§ EXERCISE BRIEF
Give back exactly the lines that start at the one containing "109.05062828), (0, 0, -1)))" and run to the end of the material below, both ends included.

§ GIVEN INFORMATION
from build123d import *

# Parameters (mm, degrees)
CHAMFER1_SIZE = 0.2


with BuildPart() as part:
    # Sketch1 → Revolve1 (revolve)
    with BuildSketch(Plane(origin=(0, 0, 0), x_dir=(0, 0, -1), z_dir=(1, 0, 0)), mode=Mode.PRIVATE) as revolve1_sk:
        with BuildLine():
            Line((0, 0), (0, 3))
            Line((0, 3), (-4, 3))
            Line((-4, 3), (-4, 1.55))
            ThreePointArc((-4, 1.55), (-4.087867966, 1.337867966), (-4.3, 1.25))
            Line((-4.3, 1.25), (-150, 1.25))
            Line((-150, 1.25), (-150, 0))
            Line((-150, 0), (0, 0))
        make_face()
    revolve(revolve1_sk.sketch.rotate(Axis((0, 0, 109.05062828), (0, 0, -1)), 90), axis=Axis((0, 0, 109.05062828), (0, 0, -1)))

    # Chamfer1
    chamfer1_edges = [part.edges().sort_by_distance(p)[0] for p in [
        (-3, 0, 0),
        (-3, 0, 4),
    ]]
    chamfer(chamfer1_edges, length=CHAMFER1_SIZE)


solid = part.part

§ YOUR RESPONSE
    revolve(revolve1_sk.sketch.rotate(Axis((0, 0, 109.05062828), (0, 0, -1)), 90), axis=Axis((0, 0, 109.05062828), (0, 0, -1)))

    # Chamfer1
    chamfer1_edges = [part.edges().sort_by_distance(p)[0] for p in [
        (-3, 0, 0),
        (-3, 0, 4),
    ]]
    chamfer(chamfer1_edges, length=CHAMFER1_SIZE)


solid = part.part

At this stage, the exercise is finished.